Physics, asked by nitinverma7408, 1 year ago

Solve this:
A clear transparent glass sphere (μ = 1.5) of radius R is immersed in a liquid of refractive index 1.25. A parallel beam of light incident on it will converge to a point. The distance of this point from the centre will be
(1) - 3R (2) + 3R (3) - R (4) + R

Answers

Answered by lidaralbany
18

Answer: (2).
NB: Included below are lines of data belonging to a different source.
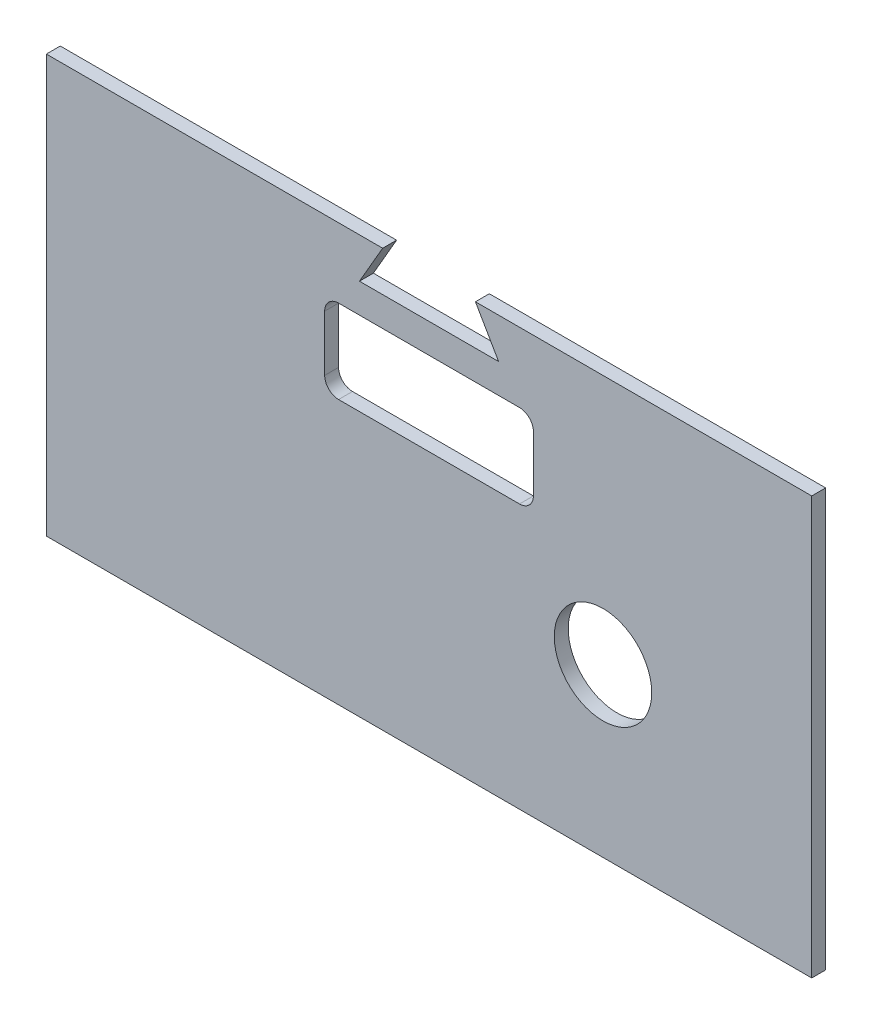
ISO-10303-21;
HEADER;
FILE_DESCRIPTION(('STEP AP214'),'2;1');
FILE_NAME('part.step','',(''),(''),'','','');
FILE_SCHEMA(('AUTOMOTIVE_DESIGN { 1 0 10303 214 1 1 1 1 }'));
ENDSEC;
DATA;
#1=APPLICATION_CONTEXT('core data for automotive mechanical design processes');
#2=APPLICATION_PROTOCOL_DEFINITION('international standard','automotive_design',2000,#1);
#3=PRODUCT_CONTEXT('',#1,'mechanical');
#4=PRODUCT('Part','Part','',(#3));
#5=PRODUCT_RELATED_PRODUCT_CATEGORY('part','',(#4));
#6=PRODUCT_DEFINITION_FORMATION('','',#4);
#7=PRODUCT_DEFINITION_CONTEXT('part definition',#1,'design');
#8=PRODUCT_DEFINITION('design','',#6,#7);
#9=PRODUCT_DEFINITION_SHAPE('','',#8);
#10=(LENGTH_UNIT() NAMED_UNIT(*) SI_UNIT(.MILLI.,.METRE.));
#11=(NAMED_UNIT(*) PLANE_ANGLE_UNIT() SI_UNIT($,.RADIAN.));
#12=(NAMED_UNIT(*) SI_UNIT($,.STERADIAN.) SOLID_ANGLE_UNIT());
#13=UNCERTAINTY_MEASURE_WITH_UNIT(LENGTH_MEASURE(1.E-05),#10,'distance_accuracy_value','');
#14=(GEOMETRIC_REPRESENTATION_CONTEXT(3) GLOBAL_UNCERTAINTY_ASSIGNED_CONTEXT((#13)) GLOBAL_UNIT_ASSIGNED_CONTEXT((#10,
#11,#12)) REPRESENTATION_CONTEXT('',''));
#15=CARTESIAN_POINT('',(0.,0.,0.));
#16=DIRECTION('',(0.,0.,1.));
#17=DIRECTION('',(1.,0.,0.));
#18=AXIS2_PLACEMENT_3D('',#15,#16,#17);
#19=CARTESIAN_POINT('',(-27.5,15.,1.));
#20=DIRECTION('',(0.,-1.,0.));
#21=DIRECTION('',(0.,0.,-1.));
#22=AXIS2_PLACEMENT_3D('',#19,#20,#21);
#23=PLANE('',#22);
#24=DIRECTION('',(-1.,0.,0.));
#25=VECTOR('',#24,1.);
#26=CARTESIAN_POINT('',(-27.5,15.,0.));
#27=LINE('',#26,#25);
#28=CARTESIAN_POINT('',(27.5,15.,0.));
#29=VERTEX_POINT('',#28);
#30=CARTESIAN_POINT('',(3.33333333333333,15.,0.));
#31=VERTEX_POINT('',#30);
#32=EDGE_CURVE('E228',#29,#31,#27,.T.);
#33=ORIENTED_EDGE('',*,*,#32,.T.);
#34=DIRECTION('',(0.,0.,1.));
#35=VECTOR('',#34,1.);
#36=CARTESIAN_POINT('',(3.33333333333333,15.,1.));
#37=LINE('',#36,#35);
#38=CARTESIAN_POINT('',(3.33333333333333,15.,1.));
#39=VERTEX_POINT('',#38);
#40=EDGE_CURVE('E163',#31,#39,#37,.T.);
#41=ORIENTED_EDGE('',*,*,#40,.T.);
#42=DIRECTION('',(-1.,0.,0.));
#43=VECTOR('',#42,1.);
#44=CARTESIAN_POINT('',(-27.5,15.,1.));
#45=LINE('',#44,#43);
#46=CARTESIAN_POINT('',(27.5,15.,1.));
#47=VERTEX_POINT('',#46);
#48=EDGE_CURVE('E217',#47,#39,#45,.T.);
#49=ORIENTED_EDGE('',*,*,#48,.F.);
#50=DIRECTION('',(0.,0.,-1.));
#51=VECTOR('',#50,1.);
#52=CARTESIAN_POINT('',(27.5,15.,1.));
#53=LINE('',#52,#51);
#54=EDGE_CURVE('E241',#47,#29,#53,.T.);
#55=ORIENTED_EDGE('',*,*,#54,.T.);
#56=EDGE_LOOP('',(#33,#41,#49,#55));
#57=FACE_BOUND('',#56,.T.);
#58=ADVANCED_FACE('F33',(#57),#23,.F.);
#59=CARTESIAN_POINT('',(27.5,-15.,1.));
#60=DIRECTION('',(-1.,0.,0.));
#61=DIRECTION('',(0.,0.,1.));
#62=AXIS2_PLACEMENT_3D('',#59,#60,#61);
#63=PLANE('',#62);
#64=DIRECTION('',(0.,1.,0.));
#65=VECTOR('',#64,1.);
#66=CARTESIAN_POINT('',(27.5,-15.,0.));
#67=LINE('',#66,#65);
#68=CARTESIAN_POINT('',(27.5,-15.,0.));
#69=VERTEX_POINT('',#68);
#70=EDGE_CURVE('E211',#69,#29,#67,.T.);
#71=ORIENTED_EDGE('',*,*,#70,.T.);
#72=ORIENTED_EDGE('',*,*,#54,.F.);
#73=DIRECTION('',(0.,1.,0.));
#74=VECTOR('',#73,1.);
#75=CARTESIAN_POINT('',(27.5,-15.,1.));
#76=LINE('',#75,#74);
#77=CARTESIAN_POINT('',(27.5,-15.,1.));
#78=VERTEX_POINT('',#77);
#79=EDGE_CURVE('E212',#78,#47,#76,.T.);
#80=ORIENTED_EDGE('',*,*,#79,.F.);
#81=DIRECTION('',(0.,0.,-1.));
#82=VECTOR('',#81,1.);
#83=CARTESIAN_POINT('',(27.5,-15.,1.));
#84=LINE('',#83,#82);
#85=EDGE_CURVE('E224',#78,#69,#84,.T.);
#86=ORIENTED_EDGE('',*,*,#85,.T.);
#87=EDGE_LOOP('',(#71,#72,#80,#86));
#88=FACE_BOUND('',#87,.T.);
#89=ADVANCED_FACE('F294',(#88),#63,.F.);
#90=CARTESIAN_POINT('',(-3.33333333333334,15.,1.));
#91=VERTEX_POINT('',#90);
#92=CARTESIAN_POINT('',(-27.5,15.,1.));
#93=VERTEX_POINT('',#92);
#94=EDGE_CURVE('E215',#91,#93,#45,.T.);
#95=ORIENTED_EDGE('',*,*,#94,.F.);
#96=DIRECTION('',(0.,0.,-1.));
#97=VECTOR('',#96,1.);
#98=CARTESIAN_POINT('',(-3.33333333333334,15.,1.));
#99=LINE('',#98,#97);
#100=CARTESIAN_POINT('',(-3.33333333333334,15.,0.));
#101=VERTEX_POINT('',#100);
#102=EDGE_CURVE('E204',#91,#101,#99,.T.);
#103=ORIENTED_EDGE('',*,*,#102,.T.);
#104=CARTESIAN_POINT('',(-27.5,15.,0.));
#105=VERTEX_POINT('',#104);
#106=EDGE_CURVE('E227',#101,#105,#27,.T.);
#107=ORIENTED_EDGE('',*,*,#106,.T.);
#108=DIRECTION('',(0.,0.,-1.));
#109=VECTOR('',#108,1.);
#110=CARTESIAN_POINT('',(-27.5,15.,1.));
#111=LINE('',#110,#109);
#112=EDGE_CURVE('E238',#93,#105,#111,.T.);
#113=ORIENTED_EDGE('',*,*,#112,.F.);
#114=EDGE_LOOP('',(#95,#103,#107,#113));
#115=FACE_BOUND('',#114,.T.);
#116=ADVANCED_FACE('F297',(#115),#23,.F.);
#117=CARTESIAN_POINT('',(-27.5,-15.,1.));
#118=DIRECTION('',(1.,0.,0.));
#119=DIRECTION('',(0.,0.,-1.));
#120=AXIS2_PLACEMENT_3D('',#117,#118,#119);
#121=PLANE('',#120);
#122=DIRECTION('',(0.,-1.,0.));
#123=VECTOR('',#122,1.);
#124=CARTESIAN_POINT('',(-27.5,-15.,0.));
#125=LINE('',#124,#123);
#126=CARTESIAN_POINT('',(-27.5,-15.,0.));
#127=VERTEX_POINT('',#126);
#128=EDGE_CURVE('E230',#105,#127,#125,.T.);
#129=ORIENTED_EDGE('',*,*,#128,.T.);
#130=DIRECTION('',(0.,0.,-1.));
#131=VECTOR('',#130,1.);
#132=CARTESIAN_POINT('',(-27.5,-15.,1.));
#133=LINE('',#132,#131);
#134=CARTESIAN_POINT('',(-27.5,-15.,1.));
#135=VERTEX_POINT('',#134);
#136=EDGE_CURVE('E235',#135,#127,#133,.T.);
#137=ORIENTED_EDGE('',*,*,#136,.F.);
#138=DIRECTION('',(0.,-1.,0.));
#139=VECTOR('',#138,1.);
#140=CARTESIAN_POINT('',(-27.5,-15.,1.));
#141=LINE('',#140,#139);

The distance of this point from the centre will be OI = 3R

Explanation:

Given that,

Refractive index of glass \mu_{g} = 1.5

Refractive index of liquid  \mu_{l} = 1.25

Now, for refraction at first surface

\dfrac{1.5}{v} - \dfrac{1.25}{\infty} = \dfrac{1.5+1.25}{R}

v= 6R

The distance of AI' is 6R.

Now, the distance of BI' is

BI' = AI'- AB

BI' = 6R-2R = 4R

For refraction at second surface

\dfrac{1.25}{v} -\dfrac{1.5}{4R}= \dfrac{1.25-1.5}{-R}

\dfrac{1.25}{v}= \dfrac{0.25}{R} + \dfrac{1.5}{4R}

v = 2R

Now, the distance of BI is 2R

So, the distance of I from center

OI = OB+BI

OI = R+2R

OI = 3R

Hence, this is the required solution.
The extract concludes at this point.